The blood was already clotting, oozing instead of pumping. “Where are my clothes?”
“Don’t you remember? They had to cut your shirt off. There was no sign of your coat.”
I groaned, frustrated I’d forgotten.
“Eva …” Liam’s gaze was on the lightning marks that peeked out of the gauze bandaging on my arm. “Does it hurt?”
The marks looked like cracks embossed onto my skin, a mosaic of broken shards that climbed up my arm.
“No,” I lied. I tapped the gauze back down. It hurt like hell, but I’d rather eat my arm than stay in the hospital another minute. I had to get out of there. A deep sense of urgency pressed down on me. “I’m fine. Can we go home?”
I hobbled to the cupboard on the far side of the room. My body throbbed. My equilibrium was totally off. Inside I found a plastic bag with my things. My leggings and shoes were fine, my cell phone unharmed. But my socks were singed, my shirt and green corduroy jacket missing.
I slid my leggings on, then rolled up the hem of my hospital gown, pulling the ends together and tying them in a knot at my waist, nineties-style.
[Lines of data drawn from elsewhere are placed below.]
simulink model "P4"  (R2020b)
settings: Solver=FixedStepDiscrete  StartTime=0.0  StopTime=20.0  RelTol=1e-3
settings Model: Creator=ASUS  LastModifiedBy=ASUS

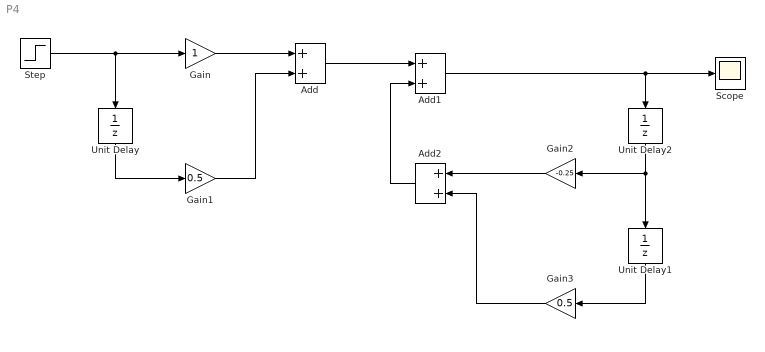
== system P4 ==
  Add : Sum
  Add1 : Sum
  Add2 : Sum
  Gain : Gain
  Gain1 : Gain  Gain=0.5
  Gain2 : Gain  Gain=-0.25
  Gain3 : Gain  Gain=0.5
  Scope : Scope
  Step : Step  SampleTime=0
  Unit Delay : UnitDelay  SampleTime=-1  HasFrameUpgradeWarning=on
  Unit Delay1 : UnitDelay  SampleTime=-1  HasFrameUpgradeWarning=on
  Unit Delay2 : UnitDelay  SampleTime=-1  HasFrameUpgradeWarning=on
  wires:
  Gain/1 -> Add/1
  Gain1/1 -> Add/2
  Add/1 -> Add1/1
  Add2/1 -> Add1/2
  Gain2/1 -> Add2/1
  Gain3/1 -> Add2/2
  Add1/1 -> Unit Delay2/1, Scope/1
  Step/1 -> Gain/1, Unit Delay/1
  Unit Delay2/1 -> Gain2/1, Unit Delay1/1
  Unit Delay1/1 -> Gain3/1
  Unit Delay/1 -> Gain1/1
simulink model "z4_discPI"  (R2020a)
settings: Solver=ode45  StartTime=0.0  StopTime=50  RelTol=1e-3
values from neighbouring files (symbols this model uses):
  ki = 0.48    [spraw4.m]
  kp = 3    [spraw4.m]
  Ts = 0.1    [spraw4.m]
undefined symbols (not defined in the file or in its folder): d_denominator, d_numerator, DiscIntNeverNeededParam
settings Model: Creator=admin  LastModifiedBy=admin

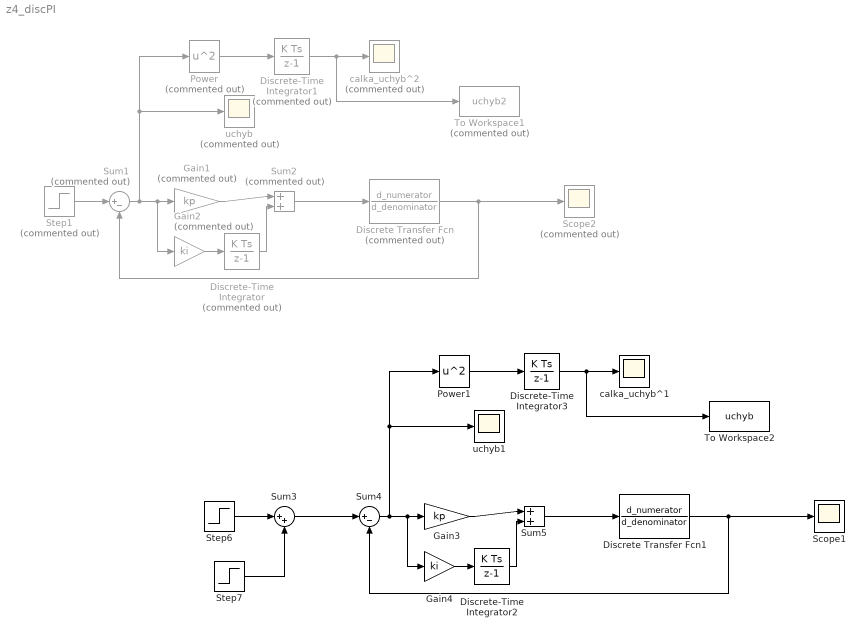
== system z4_discPI ==
  Discrete Transfer Fcn : DiscreteTransferFcn  Commented=on  Numerator=d_numerator  Denominator=d_denominator
  Discrete Transfer Fcn1 : DiscreteTransferFcn  Numerator=d_numerator  Denominator=d_denominator
  Discrete-Time Integrator : DiscreteIntegrator  Commented=on  SampleTime=Ts  ICPrevOutput=DiscIntNeverNeededParam  ICPrevScaledInput=DiscIntNeverNeededParam
  Discrete-Time Integrator1 : DiscreteIntegrator  Commented=on  SampleTime=Ts  ICPrevOutput=DiscIntNeverNeededParam  ICPrevScaledInput=DiscIntNeverNeededParam
  Discrete-Time Integrator2 : DiscreteIntegrator  SampleTime=Ts  ICPrevOutput=DiscIntNeverNeededParam  ICPrevScaledInput=DiscIntNeverNeededParam
  Discrete-Time Integrator3 : DiscreteIntegrator  SampleTime=Ts  ICPrevOutput=DiscIntNeverNeededParam  ICPrevScaledInput=DiscIntNeverNeededParam
  Gain1 : Gain  Commented=on  Gain=kp
  Gain2 : Gain  Commented=on  Gain=ki
  Gain3 : Gain  Gain=kp
  Gain4 : Gain  Gain=ki
  Power : Math  Commented=on  Operator=square  SaturateOnIntegerOverflow=on
  Power1 : Math  Operator=square  SaturateOnIntegerOverflow=on
  Scope1 : Scope
  Scope2 : Scope  Commented=on
  Step1 : Step  Commented=on  SampleTime=0
  Step6 : Step  After=100000  SampleTime=0
  Step7 : Step  Time=1.0001  After=-100000  SampleTime=0
  Sum1 : Sum  Commented=on  Inputs=|+-
  Sum2 : Sum  Commented=on  Inputs=|++
  Sum3 : Sum  Inputs=|++
  Sum4 : Sum  Inputs=|+-
  Sum5 : Sum  Inputs=|++
  To Workspace1 : ToWorkspace  Commented=on  VariableName=uchyb2  SaveFormat=Timeseries  SampleTime=Ts
  To Workspace2 : ToWorkspace  VariableName=uchyb  SaveFormat=Timeseries  SampleTime=Ts
  calka_uchyb^1 : Scope
  calka_uchyb^2 : Scope  Commented=on
  uchyb : Scope  Commented=on
  uchyb1 : Scope
  wires:
  Power/1 -> Discrete-Time Integrator1/1
  Sum1/1 -> Power/1, uchyb/1, Gain2/1, Gain1/1
  Discrete Transfer Fcn/1 -> Sum1/2, Scope2/1
  Discrete-Time Integrator/1 -> Sum2/2
  Sum2/1 -> Discrete Transfer Fcn/1
  Discrete-Time Integrator1/1 -> To Workspace1/1, calka_uchyb^2/1
  Gain1/1 -> Sum2/1
  Step1/1 -> Sum1/1
  Gain2/1 -> Discrete-Time Integrator/1
  Gain4/1 -> Discrete-Time Integrator2/1
  Discrete-Time Integrator3/1 -> To Workspace2/1, calka_uchyb^1/1
  Sum3/1 -> Sum4/1
  Discrete-Time Integrator2/1 -> Sum5/2
  Power1/1 -> Discrete-Time Integrator3/1
  Sum5/1 -> Discrete Transfer Fcn1/1
  Sum4/1 -> Power1/1, uchyb1/1, Gain4/1, Gain3/1
  Discrete Transfer Fcn1/1 -> Sum4/2, Scope1/1
  Gain3/1 -> Sum5/1
  Step7/1 -> Sum3/2
  Step6/1 -> Sum3/1
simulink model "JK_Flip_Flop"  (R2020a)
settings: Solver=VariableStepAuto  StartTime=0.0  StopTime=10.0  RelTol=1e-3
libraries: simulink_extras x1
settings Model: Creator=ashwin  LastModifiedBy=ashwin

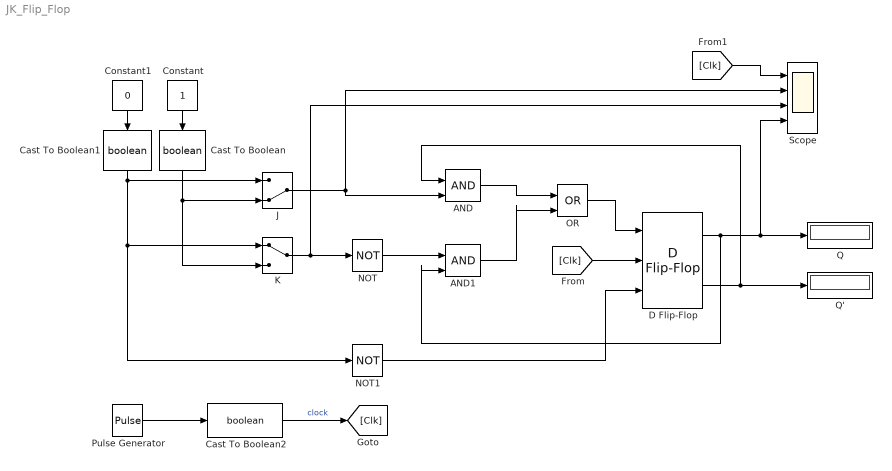
== system JK_Flip_Flop ==
  AND : Logic  IconShape=distinctive  AllPortsSameDT=off  OutDataTypeStr=boolean
  AND1 : Logic  IconShape=distinctive  AllPortsSameDT=off  OutDataTypeStr=boolean
  Cast To Boolean : DataTypeConversion  OutDataTypeStr=boolean
  Cast To Boolean1 : DataTypeConversion  OutDataTypeStr=boolean
  Cast To Boolean2 : DataTypeConversion  OutDataTypeStr=boolean
  Constant : Constant
  Constant1 : Constant  Value=0
  D Flip-Flop : simulink_extras/Flip Flops/D Flip-Flop
  J : ManualSwitch  CurrentSetting=0
  K : ManualSwitch
  NOT : Logic  Operator=NOT  IconShape=distinctive  AllPortsSameDT=off  OutDataTypeStr=boolean
  NOT1 : Logic  Operator=NOT  IconShape=distinctive  AllPortsSameDT=off  OutDataTypeStr=boolean
  OR : Logic  Operator=OR  IconShape=distinctive  AllPortsSameDT=off  OutDataTypeStr=boolean
  Pulse Generator : DiscretePulseGenerator  PulseType=Time based  PulseWidth=50
  Q : Display
  Q' : Display
  Scope : Scope  NumInputPorts=4
  wires:
  OR/1 -> D Flip-Flop/1
  AND/1 -> OR/1
  AND1/1 -> OR/2
  NOT/1 -> AND1/1
  [Clk] -> D Flip-Flop/2
  Pulse Generator/1 -> Cast To Boolean2/1
  K/1 -> Scope/3, NOT/1
  J/1 -> Scope/2, AND/2
  Constant1/1 -> Cast To Boolean1/1
  Constant/1 -> Cast To Boolean/1
  D Flip-Flop/2 -> AND/1, Q'/1
  D Flip-Flop/1 -> AND1/2, Scope/4, Q/1
  Cast To Boolean/1 -> J/2, K/2
  Cast To Boolean1/1 -> J/1, NOT1/1, K/1
  Cast To Boolean2/1 -> [Clk]  "clock"
  NOT1/1 -> D Flip-Flop/3
  [Clk] -> Scope/1
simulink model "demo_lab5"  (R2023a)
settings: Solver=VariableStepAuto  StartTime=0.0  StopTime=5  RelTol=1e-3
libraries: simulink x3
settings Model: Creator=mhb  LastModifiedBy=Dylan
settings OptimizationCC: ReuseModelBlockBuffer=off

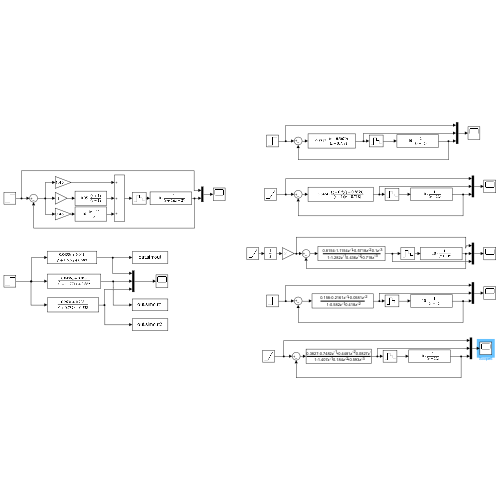
[thumbnail: Simulink's stored preview of the top-level diagram]
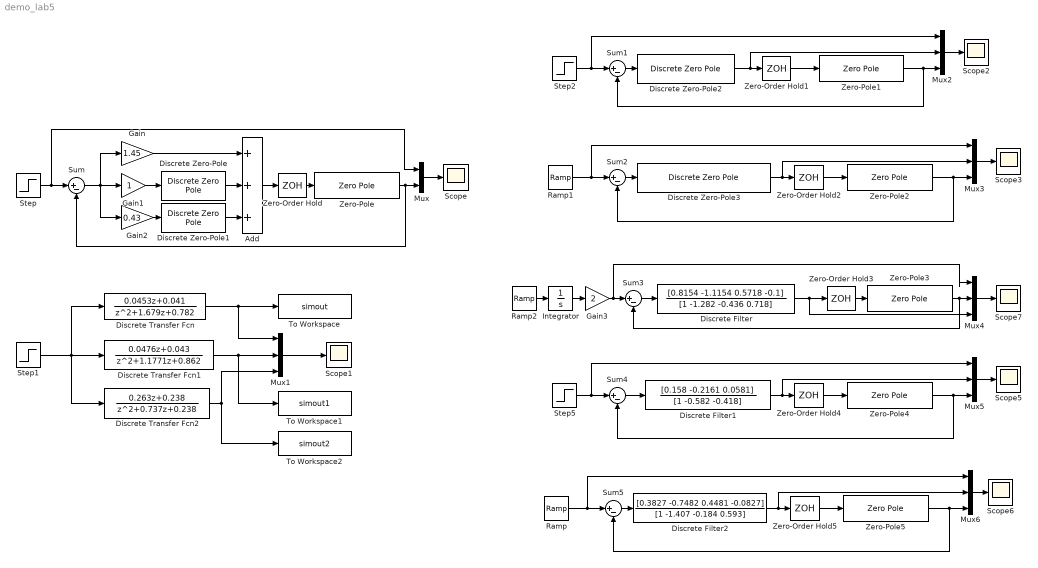
== system demo_lab5 ==
  Add : Sum  Inputs=+++
  Discrete Transfer Fcn : DiscreteTransferFcn  Numerator=[0.0453 0.041]  Denominator=[1 1.679 0.782]  SampleTime=0.1
  Discrete Transfer Fcn1 : DiscreteTransferFcn  Numerator=[0.0476 0.043]  Denominator=[1 1.1771 0.862]  SampleTime=0.1
  Discrete Transfer Fcn2 : DiscreteTransferFcn  Numerator=[0.263 0.238]  Denominator=[1 0.737 0.238]  SampleTime=0.1
  Discrete Zero-Pole : DiscreteZeroPole  Zeros=[-1]  Poles=[1]  Gain=0.05  SampleTime=0.1
  Discrete Zero-Pole1 : DiscreteZeroPole  Poles=[0]  Gain=10  SampleTime=0.1
  Discrete Zero-Pole2 : DiscreteZeroPole  Zeros=[0.3679]  Poles=[0.718]  Gain=0.2717
  Discrete Zero-Pole3 : DiscreteZeroPole  Zeros=[0.5 0.3679]  Poles=[1 -0.718]  Gain=0.5434
  Discrete Filter : DiscreteFilter  Numerator=[0.8154 -1.1154 0.5718 -0.1]  Denominator=[1 -1.282 -0.436 0.718]  SampleTime=1
  Discrete Filter1 : DiscreteFilter  Numerator=[0.158 -0.2161 0.0581]  Denominator=[1 -0.582 -0.418]  SampleTime=1
  Discrete Filter2 : DiscreteFilter  Numerator=[0.3827 -0.7482 0.4481 -0.0827]  Denominator=[1 -1.407 -0.184 0.593]  SampleTime=1
  Gain : Gain  Gain=1.45
  Gain1 : Gain
  Gain2 : Gain  Gain=0.43
  Gain3 : Gain  Gain=2
  Integrator : Integrator
  Mux : Mux  Inputs=2
  Mux{1..6} (6 alike) : Mux  Inputs=3
  Ramp : simulink/Sources/Ramp  slope=1  start=0  InitialOutput=0
  Ramp1 : simulink/Sources/Ramp  slope=1  start=0  InitialOutput=0
  Ramp2 : simulink/Sources/Ramp  slope=1  start=0  InitialOutput=0
  Scope{,1..3,5..7} (7 alike) : Scope
  Step{,1..2,5} (4 alike) : Step  Time=0  SampleTime=0
  Sum{,1..5} (6 alike) : Sum  Inputs=|+-
  To Workspace : ToWorkspace  VariableName=simout  SaveFormat=Timeseries  SampleTime=-1
  To Workspace1 : ToWorkspace  VariableName=simout1  SaveFormat=Timeseries  SampleTime=-1
  To Workspace2 : ToWorkspace  VariableName=simout2  SaveFormat=Timeseries  SampleTime=-1
  Zero-Order Hold{,1..5} (6 alike) : ZeroOrderHold  SampleTime=-1
  Zero-Pole : ZeroPole  Zeros=[ ]  Poles=[-1 -2]  Gain=10
  Zero-Pole{1..5} (5 alike) : ZeroPole  Zeros=[ ]  Poles=[-1 0]  Gain=10
  wires:
  Add/1 -> Zero-Order Hold/1
  Zero-Order Hold/1 -> Zero-Pole/1
  Mux/1 -> Scope/1
  Zero-Pole/1 -> Mux/2, Sum/2
  Step/1 -> Mux/1, Sum/1
  Sum/1 -> Gain2/1, Gain/1, Gain1/1
  Gain1/1 -> Discrete Zero-Pole/1
  Discrete Zero-Pole/1 -> Add/2
  Discrete Zero-Pole1/1 -> Add/3
  Gain/1 -> Add/1
  Gain2/1 -> Discrete Zero-Pole1/1
  Mux1/1 -> Scope1/1
  Discrete Transfer Fcn2/1 -> Mux1/3, To Workspace2/1
  Discrete Transfer Fcn1/1 -> To Workspace1/1, Mux1/2
  Discrete Transfer Fcn/1 -> Mux1/1, To Workspace/1
  Step1/1 -> Discrete Transfer Fcn/1, Discrete Transfer Fcn1/1, Discrete Transfer Fcn2/1
  Step2/1 -> Sum1/1, Mux2/1
  Zero-Order Hold1/1 -> Zero-Pole1/1
  Zero-Pole1/1 -> Sum1/2, Mux2/3
  Mux2/1 -> Scope2/1
  Discrete Zero-Pole2/1 -> Mux2/2, Zero-Order Hold1/1
  Sum1/1 -> Discrete Zero-Pole2/1
  Sum2/1 -> Discrete Zero-Pole3/1
  Discrete Zero-Pole3/1 -> Mux3/2, Zero-Order Hold2/1
  Mux3/1 -> Scope3/1
  Zero-Pole2/1 -> Mux3/3, Sum2/2
  Zero-Order Hold2/1 -> Zero-Pole2/1
  Ramp1/1 -> Mux3/1, Sum2/1
  Sum3/1 -> Discrete Filter/1
  Zero-Pole3/1 -> Mux4/2, Sum3/2
  Discrete Filter/1 -> Mux4/3, Zero-Order Hold3/1
  Zero-Order Hold3/1 -> Zero-Pole3/1
  Integrator/1 -> Gain3/1
  Step5/1 -> Sum4/1, Mux5/1
  Zero-Order Hold4/1 -> Zero-Pole4/1
  Zero-Pole4/1 -> Sum4/2, Mux5/3
  Mux5/1 -> Scope5/1
  Discrete Filter1/1 -> Zero-Order Hold4/1, Mux5/2
  Sum4/1 -> Discrete Filter1/1
  Sum5/1 -> Discrete Filter2/1
  Discrete Filter2/1 -> Mux6/2, Zero-Order Hold5/1
  Mux6/1 -> Scope6/1
  Zero-Pole5/1 -> Mux6/3, Sum5/2
  Zero-Order Hold5/1 -> Zero-Pole5/1
  Ramp/1 -> Mux6/1, Sum5/1
  Gain3/1 -> Mux4/1, Sum3/1
  Mux4/1 -> Scope7/1
  Ramp2/1 -> Integrator/1
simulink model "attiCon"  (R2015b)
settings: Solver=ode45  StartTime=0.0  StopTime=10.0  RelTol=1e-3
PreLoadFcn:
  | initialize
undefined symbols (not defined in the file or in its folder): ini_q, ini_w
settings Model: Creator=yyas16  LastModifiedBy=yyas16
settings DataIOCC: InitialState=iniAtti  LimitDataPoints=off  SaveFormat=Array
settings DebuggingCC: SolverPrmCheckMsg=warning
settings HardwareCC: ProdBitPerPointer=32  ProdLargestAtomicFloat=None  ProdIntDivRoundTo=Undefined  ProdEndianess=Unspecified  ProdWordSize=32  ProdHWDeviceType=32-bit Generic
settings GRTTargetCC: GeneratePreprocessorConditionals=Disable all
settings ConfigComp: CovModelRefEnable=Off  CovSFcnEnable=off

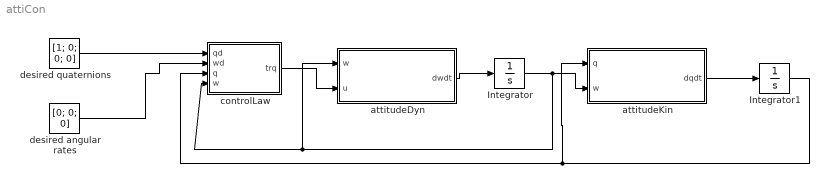
== system attiCon ==
  Integrator : Integrator  InitialCondition=ini_w
  Integrator1 : Integrator  InitialCondition=ini_q
  "attitudeDyn " : MATLAB Function  TreatAsAtomicUnit=on
  attitudeKin : MATLAB Function  TreatAsAtomicUnit=on
  "controlLaw " : MATLAB Function  TreatAsAtomicUnit=on
  desired angular rates : Constant  Value=[0; 0; 0]
  desired quaternions : Constant  Value=[1; 0; 0; 0]
  wires:
  "attitudeDyn "/1(dwdt) -> Integrator/1
  "controlLaw "/1(trq) -> "attitudeDyn "/2(u)
  desired quaternions/1 -> "controlLaw "/1(qd)
  desired angular rates/1 -> "controlLaw "/2(wd)
  Integrator/1 -> "controlLaw "/4(w), "attitudeDyn "/1(w), attitudeKin/2(w)
  attitudeKin/1(dqdt) -> Integrator1/1
  Integrator1/1 -> attitudeKin/1(q), "controlLaw "/3(q)

== matlab function attiCon/controlLaw  ==
  data: qd input; trq output; wd input; q input; w input
function trq  = controlLaw(qd, wd, q, w)
%#codegen
q0 = q(1);
q1 = q(2);
q2 = q(3);
q3 = q(4);
qVec = [q1
    q2
    q3];

wx = w(1);
wy = w(2);
wz = w(3);


trq = -w - qVec;

== matlab function attiCon/attitudeDyn  ==
  data: w input; u input; dwdt output; MOI parameter
function dwdt  = attitudeDyn(w, u, MOI)
%#codegen

% rotational motion
wx = w(1);
wy = w(2);
wz = w(3);

wVec = [wx
    wy
    wz];
dwdt = -MOI^(-1) * cross(wVec, (MOI * wVec)) + MOI^(-1) * u;

== matlab function attiCon/attitudeKin ==
  data: q input; w input; dqdt output
function dqdt  = attitudeKin(q, w)
%#codegen

% rotational motion
%--Quaternion-----------------
q0 = q(1);
q1 = q(2);
q2 = q(3);
q3 = q(4);

wx = w(1);
wy = w(2);
wz = w(3);

qMat = 1.0 / 2.0 .* [-q1 -q2 -q3
    q0 -q3 q2
    q3 q0 -q1
    -q2 q1 q0];

wVec = [wx
    wy
    wz];

dqdt = qMat * wVec;

Liam sighed. “You look ridiculous.”
I ignored him and walked unsteadily to the open door.
“Eva, stop!” Liam’s fair eyebrows scrunched into balls. “What is going on? This isn’t like you!”
I knew I was behaving out of character, but I couldn’t seem to find the words to explain how terrified I felt. An overwhelming sense that I wasn’t safe here crashed over me.
Suddenly I was sobbing in giant, messy gulps, spluttering and gasping for air. I knew that something very bad had happened, worse than before. Something, or someone, threatened me still, but I couldn’t remember what.
“Please! Someone … I was running.…” I wasn’t making sense, the words coming out wrong. I couldn’t convey what I was thinking because I couldn’t rely on my brain to tell me the truth.
“Shhh …” Liam pulled me against him, so tight I could barely breathe. “It’s okay. Remember, the doctor said this could happen. You just need to rest. Let’s get you home. I’ll get your meds later.”
Downstairs, the chill of fall slid in through reception’s rotating doors; then suddenly we were outside and I tasted it on the breeze, saw it in the harsh slant of the shadows cast between clouds bloated with rain. The wind whispered ominously in the treetops as we crossed to the parking garage. The remnants of a storm were everywhere: broken boughs, torn leaves, standing water, pieces of garbage strewn over the road.
Liam kept his arm around me as he led me to the car. I caught sight of my reflection in the window as he unlocked the door. My short hair was more disheveled than usual, tufts sticking up in every direction. My eyes were charcoal-hued, circled by dark moons and sunken in my small, pale face. A massive bandage covered the lump on my temple.
I swiped at the water on the window, smearing my reflection into a swirl of distorted colors, someone completely unrecognizable from the person who’d stood there only seconds before.
* * *
The Mukilteo ferry terminal glowed in the fading light as we pulled up. Workers in high-vis vests shouted and waved their arms as we drove onto the boat. Soon it was chugging into the choppy waters of Puget Sound. The trip was only twenty minutes, so we didn’t bother going upstairs. Instead, I left Liam checking his phone while I went to the back of the car deck.
I stared at the steel-gray waters churning behind the ferry. Tears filled my eyes as reality smacked me in the face. This time yesterday I was about to get this ferry into Seattle to see my mom.
The mist swirled up and combined with the moisture on my cheeks. My relationship with my mother had become prickly these last few years. Distant. I’d never forgiven her for her cruel words, the arguments we’d had.
And now she was dead.
My cell phone rang. I looked at the caller ID and saw it flashing Andrew.
“Eva!” my brother exclaimed. “What’s going on? I’m at the hospital. Where are you?”
Andrew was the kind of person who waited a half hour after eating before going swimming; who stopped at a stop sign even in the middle of the night. If the sign said don’t walk on the grass, he didn’t walk on the grass. There was no way he’d understand my need to run, to hide, to get away from this.